Coexpression of invasive markers (uPA, CD44) and multiple drug-resistance proteins (MDR1, MRP2) is correlated with epithelial ovarian cancer progression

Abstract

Background: Invasion and metastases of cancer cells and the development of resistance to anticancer therapies are the main causes of treatment failure and mortality in cancer patients.

Methods: We evaluated invasive markers of urokinase plasminogen activator (uPA) and CD44 and multiple drug-resistance (MDR) markers of MDR1 and MRP2 in four epithelial ovarian cancer (EOC) cell lines, primary tumours (n=120) and matched metastatic lesions (n=40) by immunofluoresence labelling. We correlated uPA and CD44 with MDR markers in primary and metastatic cells using confocal microscope. We also investigated the relationship of the expression of uPA, CD44 and MDR1 with various progression parameters.

Results: The coexpression of uPA and CD44 with MDR markers was found in primary and metastatic cells. The overexpression of uPA, CD44 and MDR1 was found in most primary and matched metastatic lesions of EOC, and was significantly associated with tumour stage, grade, residual disease status, relapse and presence of ascites (P<0.05), but not with histology type (P>0.05).

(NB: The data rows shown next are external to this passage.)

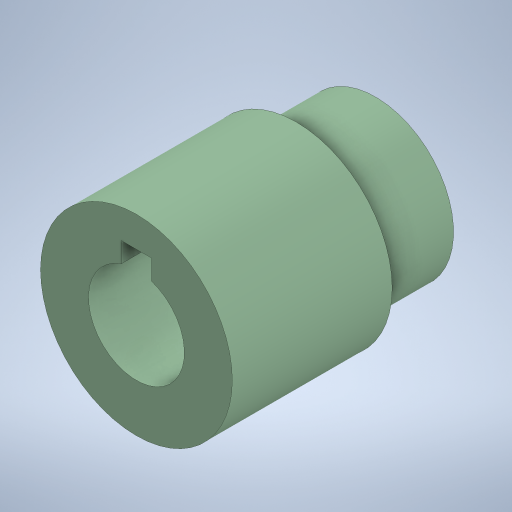
# Autodesk Inventor part: Gear3
Saved by Autodesk Inventor 2023 (Build 270158000, 158)
## iProperties
Created: 2024-05-11
Part Number: Gear3
Material: Generic
Document SubType Name: Modeling
Designer: BenFr
Density: 1 g/cm^3
Appearance: Rubber - Green
Author: BenFr
Autodesk Inventor part; units mm, degrees
ref_plane "YZ Plane" through (0, 0, 0) normal (1, 0, 0) x (0, 1, 0)
ref_plane "XZ Plane" through (0, 0, 0) normal (0, 1, 0) x (-1, 0, 0)
ref_plane "XY Plane" through (0, 0, 0) normal (0, 0, 1) x (1, 0, 0)
sketch "Sketch2" plane through (0, 0, 0) normal (0, 1, 0) x (-1, 0, 0)
  line L0 (0, 0) -> (19.05, 0)
  line L1 (19.05, 0) -> (19.05, -31.75)
  line L2 (0, 0) -> (0, -47.5)
  line L3 (0, -47.5) -> (15.495, -47.5)
  line L4 (15.495, -47.5) -> (15.495, -31.75)
  line L5 (15.495, -31.75) -> (19.05, -31.75)
  line L6 (0, 0) -> (9.525, 0)
  line L7 (9.525, 0) -> (9.525, -47.5)
  dimension "d0" = 19.05
  dimension "d1" = 31.75
  dimension "d2" = 47.5
  dimension "d3" = 15.495
  dimension "d4" = 9.525
  constraints: 16 end point, 4 perpendicular, 2 vertical, 1 horizontal, 1 midpoint, 1 point on line
  measures "d0" distance of L0.start L0.end
  measures "d1" distance of L0.end L1.end
  measures "d2" distance of L0.start L2.end
  measures "d3" distance of L2.end L3.end
  measures "d4" distance of L0.start L6.end
revolve "Revolution1" add sketch "Sketch2" angle 360 about axis through (0, 0, 0) along (0, 0, -1) contours L0 L1 L5 L4 L3 L7
sketch "Sketch3" plane through (0, 0, 0) normal (0, 0, 1) x (1, 0, 0)
  line L0 (-3, 6.025) -> (3, 6.025)
  line L1 (3, 6.025) -> (3, 13.025)
  line L2 (3, 13.025) -> (-3, 13.025)
  line L3 (-3, 13.025) -> (-3, 6.025)
  circle A0 centre (0, 0) radius 9.525 projected
  line L4 (-3, 6.025) -> (3, 13.025) construction
  line L5 (3, 6.025) -> (-3, 13.025) construction
  point P0 (0, 9.525)
  dimension "d6" = 6
  dimension "d7" = 7
  constraints: 12 end point, 2 midpoint, 2 parallel, 1 horizontal, 1 perpendicular, 1 vertical alignment, 1 other
  measures "d6" distance of L2.end L1.end
  measures "d7" distance of L1.end L0.end
extrude "Extrusion1" cut sketch "Sketch3" against normal through all contours L3 A0 L1 L0 | L3 L2 L1 A0 picked at (0.3385, 7.1736)
body "Solid1"

Conclusions: Our results suggest that the overexpression of uPA, CD44 and MRD1 is correlated with EOC progression; both uPA and CD44 are related with drug resistance during EOC metastasis and could be useful therapeutically.

Figure 1

Coimmunolabelling of uPA, CD44, MDR1 and MRP2 in EOC. Representative confocal images of uPA and MDR1 (red; Alexa-594), and CD44 and MRP2 (green; Alexa-488) expression in EOC primary and metastatic cell lines are shown. Merged images, and red and green channels are shown separately. (A) uPA expression; (B) CD44 expression; (C) MDR1 expression; (D) MRP2 expression; (E) Colocalisation of uPA with CD44; (F) Colocalisation of uPA with MRP2; (G) Colocalisation of CD44 with MDR1. Magnification: A–G × 400.

Figure 2

Coimmunolabelling of uPA, CD44, MDR1 and MRP2 in EOC. Representative confocal images of uPA and MRP2 (green; Alexa-488), and CD44 and MDR1 (red; Alexa-594) expression in EOC primary and metastatic cell lines are shown. Merged images, and red and green channels are shown separately. (A) uPA expression; (B) CD44 expression; (C) MDR1 expression; (D) MRP2 expression; (E) Colocalisation of uPA with MDR1; (F) Colocalisation of CD44 with MRP2; (G) IgG-negative control. Magnification: A–G × 400.

Figure 3

Immunofluoresence staining for uPA, CD44 and MDR1 in primary and metastatic EOCs. Representative images from different patients. Representative confocal images of uPA and CD44 (green; Alexa-488) and MDR1 (red; Alexa-594) expression in EOC primary and metastatic EOC tissues are shown. Low levels of uPA, CD44 and MDR1 are shown in primary EOC tissues (A–C), respectively. Medium levels of uPA, CD44 and MDR1 are shown in primary EOC tissues (D–F), respectively. High levels of uPA, CD44 and MDR1 are shown in metastatic EOC tissues (G–I), respectively. uPA immunolabelling is homogeneous and is generally seen on epithelial and stromal cells. Magnification: A–I × 400.

Figure 4

Coimmunolabelling of uPA, CD44 and MDR1 in EOC tissues. Representative confocal images of uPA (red; Alexa-594 or green; Alexa-488), CD44 (green; Alexa-488) and MDR1 (red; Alexa-594) expression in EOC primary tumours and matched metastatic lesions are shown. Merged images and red and green channels are shown separately. (A) Colocalisation of uPA with CD44 in primary EOC tissues; (B) Colocalisation of uPA with CD44 in metastatic EOC tissues; (C) Colocalisation of uPA with MDR1 in primary EOC tissues; (D) Colocalisation of uPA with MDR1 in metastatic EOC tissues; (E) Colocalisation of CD44 with MDR1 in primary EOC tissues; (F) Colocalisation of CD44 with MDR1 in metastatic EOC tissues. uPA immunolabelling is homogeneous and is generally seen on epithelial and stromal cells. Magnification: A–F × 400.